ASSIGNMENT
Every line below needs to be transcribed without alteration, and no image may be carried over.
*** Opening of EXTRACTED RECORDS ***
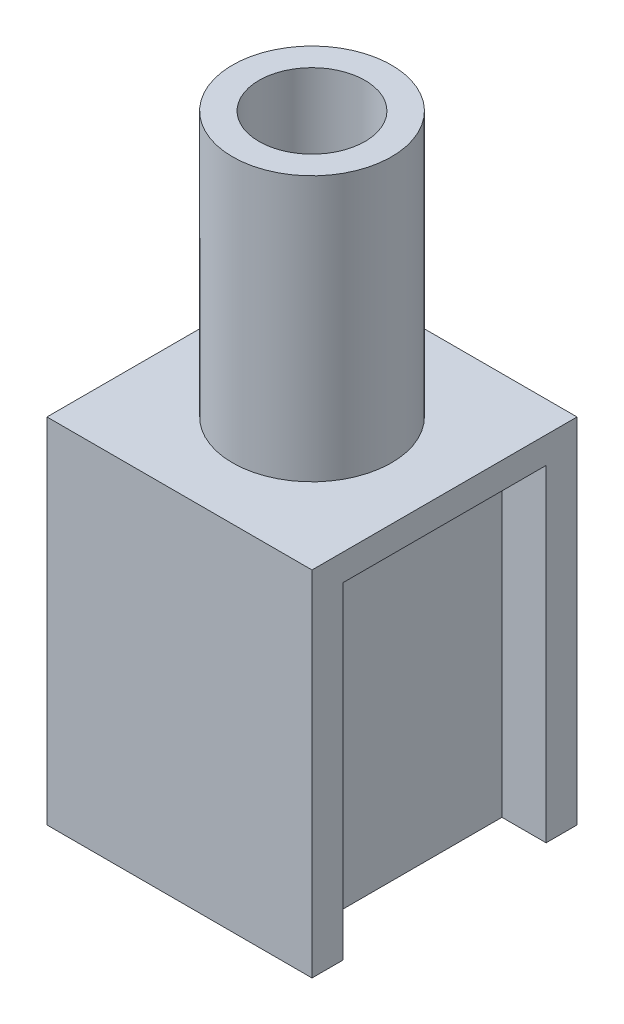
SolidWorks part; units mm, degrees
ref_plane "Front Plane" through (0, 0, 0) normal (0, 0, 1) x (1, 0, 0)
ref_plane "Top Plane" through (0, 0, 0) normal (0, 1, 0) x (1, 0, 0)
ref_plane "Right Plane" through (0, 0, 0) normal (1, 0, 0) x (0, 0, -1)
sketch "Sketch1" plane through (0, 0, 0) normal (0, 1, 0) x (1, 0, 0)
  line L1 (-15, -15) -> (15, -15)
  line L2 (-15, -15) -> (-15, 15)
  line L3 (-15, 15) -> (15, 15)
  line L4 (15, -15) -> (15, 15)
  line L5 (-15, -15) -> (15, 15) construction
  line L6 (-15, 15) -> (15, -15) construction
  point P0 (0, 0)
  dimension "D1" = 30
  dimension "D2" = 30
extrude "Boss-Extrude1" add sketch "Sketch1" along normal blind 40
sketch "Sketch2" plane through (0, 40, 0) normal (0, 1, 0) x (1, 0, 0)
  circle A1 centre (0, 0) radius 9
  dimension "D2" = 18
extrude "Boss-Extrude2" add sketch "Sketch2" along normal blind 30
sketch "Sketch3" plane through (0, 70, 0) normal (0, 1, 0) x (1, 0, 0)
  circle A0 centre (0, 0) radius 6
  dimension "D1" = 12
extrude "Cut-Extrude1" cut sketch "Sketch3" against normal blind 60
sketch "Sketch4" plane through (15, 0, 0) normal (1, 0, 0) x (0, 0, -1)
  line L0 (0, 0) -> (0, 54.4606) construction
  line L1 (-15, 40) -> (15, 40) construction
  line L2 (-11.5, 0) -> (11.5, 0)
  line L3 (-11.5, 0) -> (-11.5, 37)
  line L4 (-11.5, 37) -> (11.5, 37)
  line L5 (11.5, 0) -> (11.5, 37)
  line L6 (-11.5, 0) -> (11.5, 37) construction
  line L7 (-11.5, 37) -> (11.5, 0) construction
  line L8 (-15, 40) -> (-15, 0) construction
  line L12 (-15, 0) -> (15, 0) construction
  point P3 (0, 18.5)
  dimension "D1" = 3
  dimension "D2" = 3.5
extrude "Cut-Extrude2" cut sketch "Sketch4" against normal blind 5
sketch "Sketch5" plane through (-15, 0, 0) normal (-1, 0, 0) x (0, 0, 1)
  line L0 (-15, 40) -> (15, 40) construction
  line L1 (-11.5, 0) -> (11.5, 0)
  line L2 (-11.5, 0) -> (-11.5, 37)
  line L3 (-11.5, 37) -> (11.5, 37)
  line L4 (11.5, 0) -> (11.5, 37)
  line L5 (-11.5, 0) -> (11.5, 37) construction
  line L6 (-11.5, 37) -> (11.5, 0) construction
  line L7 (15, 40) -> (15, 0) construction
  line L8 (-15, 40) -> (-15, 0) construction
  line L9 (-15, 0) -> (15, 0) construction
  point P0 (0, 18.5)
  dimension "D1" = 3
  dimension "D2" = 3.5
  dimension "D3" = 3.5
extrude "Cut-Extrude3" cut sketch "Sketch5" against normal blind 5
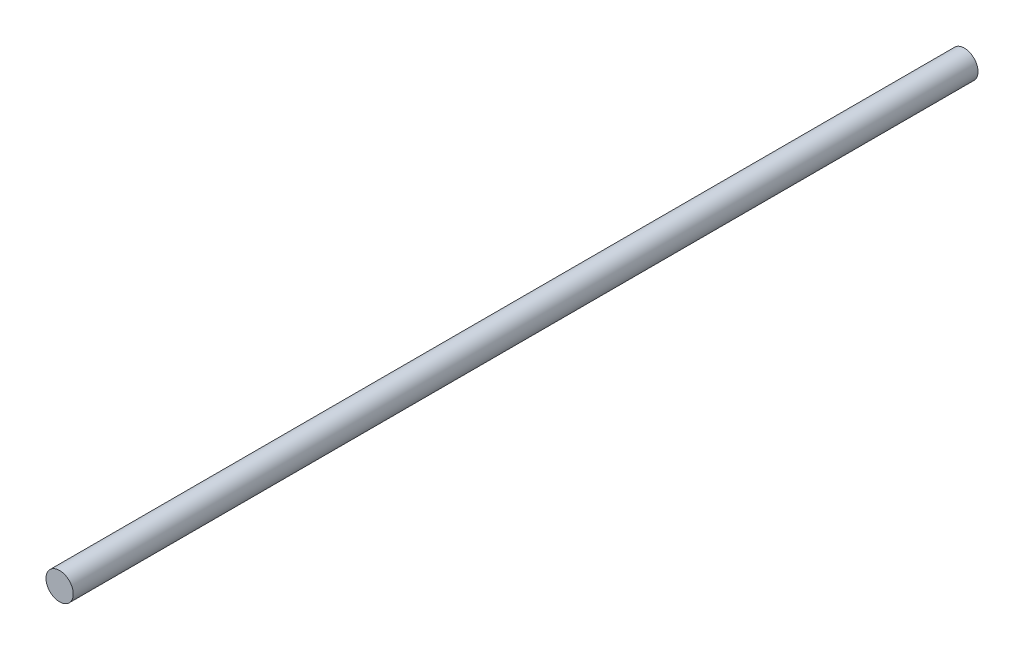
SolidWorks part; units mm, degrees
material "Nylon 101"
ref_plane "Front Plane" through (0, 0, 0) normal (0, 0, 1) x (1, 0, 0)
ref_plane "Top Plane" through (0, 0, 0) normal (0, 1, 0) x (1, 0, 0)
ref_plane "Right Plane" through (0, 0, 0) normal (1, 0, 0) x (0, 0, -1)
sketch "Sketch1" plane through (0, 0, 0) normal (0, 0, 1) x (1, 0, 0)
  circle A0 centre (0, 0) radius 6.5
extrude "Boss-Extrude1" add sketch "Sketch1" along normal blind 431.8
*** Close of EXTRACTED RECORDS ***
EXERCISE OUTPUT
SolidWorks part; units mm, degrees
ref_plane "Front Plane" through (0, 0, 0) normal (0, 0, 1) x (1, 0, 0)
ref_plane "Top Plane" through (0, 0, 0) normal (0, 1, 0) x (1, 0, 0)
ref_plane "Right Plane" through (0, 0, 0) normal (1, 0, 0) x (0, 0, -1)
sketch "Sketch1" plane through (0, 0, 0) normal (0, 1, 0) x (1, 0, 0)
  line L1 (-15, -15) -> (15, -15)
  line L2 (-15, -15) -> (-15, 15)
  line L3 (-15, 15) -> (15, 15)
  line L4 (15, -15) -> (15, 15)
  line L5 (-15, -15) -> (15, 15) construction
  line L6 (-15, 15) -> (15, -15) construction
  point P0 (0, 0)
  dimension "D1" = 30
  dimension "D2" = 30
extrude "Boss-Extrude1" add sketch "Sketch1" along normal blind 40
sketch "Sketch2" plane through (0, 40, 0) normal (0, 1, 0) x (1, 0, 0)
  circle A1 centre (0, 0) radius 9
  dimension "D2" = 18
extrude "Boss-Extrude2" add sketch "Sketch2" along normal blind 30
sketch "Sketch3" plane through (0, 70, 0) normal (0, 1, 0) x (1, 0, 0)
  circle A0 centre (0, 0) radius 6
  dimension "D1" = 12
extrude "Cut-Extrude1" cut sketch "Sketch3" against normal blind 60
sketch "Sketch4" plane through (15, 0, 0) normal (1, 0, 0) x (0, 0, -1)
  line L0 (0, 0) -> (0, 54.4606) construction
  line L1 (-15, 40) -> (15, 40) construction
  line L2 (-11.5, 0) -> (11.5, 0)
  line L3 (-11.5, 0) -> (-11.5, 37)
  line L4 (-11.5, 37) -> (11.5, 37)
  line L5 (11.5, 0) -> (11.5, 37)
  line L6 (-11.5, 0) -> (11.5, 37) construction
  line L7 (-11.5, 37) -> (11.5, 0) construction
  line L8 (-15, 40) -> (-15, 0) construction
  line L12 (-15, 0) -> (15, 0) construction
  point P3 (0, 18.5)
  dimension "D1" = 3
  dimension "D2" = 3.5
extrude "Cut-Extrude2" cut sketch "Sketch4" against normal blind 5
sketch "Sketch5" plane through (-15, 0, 0) normal (-1, 0, 0) x (0, 0, 1)
  line L0 (-15, 40) -> (15, 40) construction
  line L1 (-11.5, 0) -> (11.5, 0)
  line L2 (-11.5, 0) -> (-11.5, 37)
  line L3 (-11.5, 37) -> (11.5, 37)
  line L4 (11.5, 0) -> (11.5, 37)
  line L5 (-11.5, 0) -> (11.5, 37) construction
  line L6 (-11.5, 37) -> (11.5, 0) construction
  line L7 (15, 40) -> (15, 0) construction
  line L8 (-15, 40) -> (-15, 0) construction
  line L9 (-15, 0) -> (15, 0) construction
  point P0 (0, 18.5)
  dimension "D1" = 3
  dimension "D2" = 3.5
  dimension "D3" = 3.5
extrude "Cut-Extrude3" cut sketch "Sketch5" against normal blind 5
SolidWorks part; units mm, degrees
material "Nylon 101"
ref_plane "Front Plane" through (0, 0, 0) normal (0, 0, 1) x (1, 0, 0)
ref_plane "Top Plane" through (0, 0, 0) normal (0, 1, 0) x (1, 0, 0)
ref_plane "Right Plane" through (0, 0, 0) normal (1, 0, 0) x (0, 0, -1)
sketch "Sketch1" plane through (0, 0, 0) normal (0, 0, 1) x (1, 0, 0)
  circle A0 centre (0, 0) radius 6.5
extrude "Boss-Extrude1" add sketch "Sketch1" along normal blind 431.8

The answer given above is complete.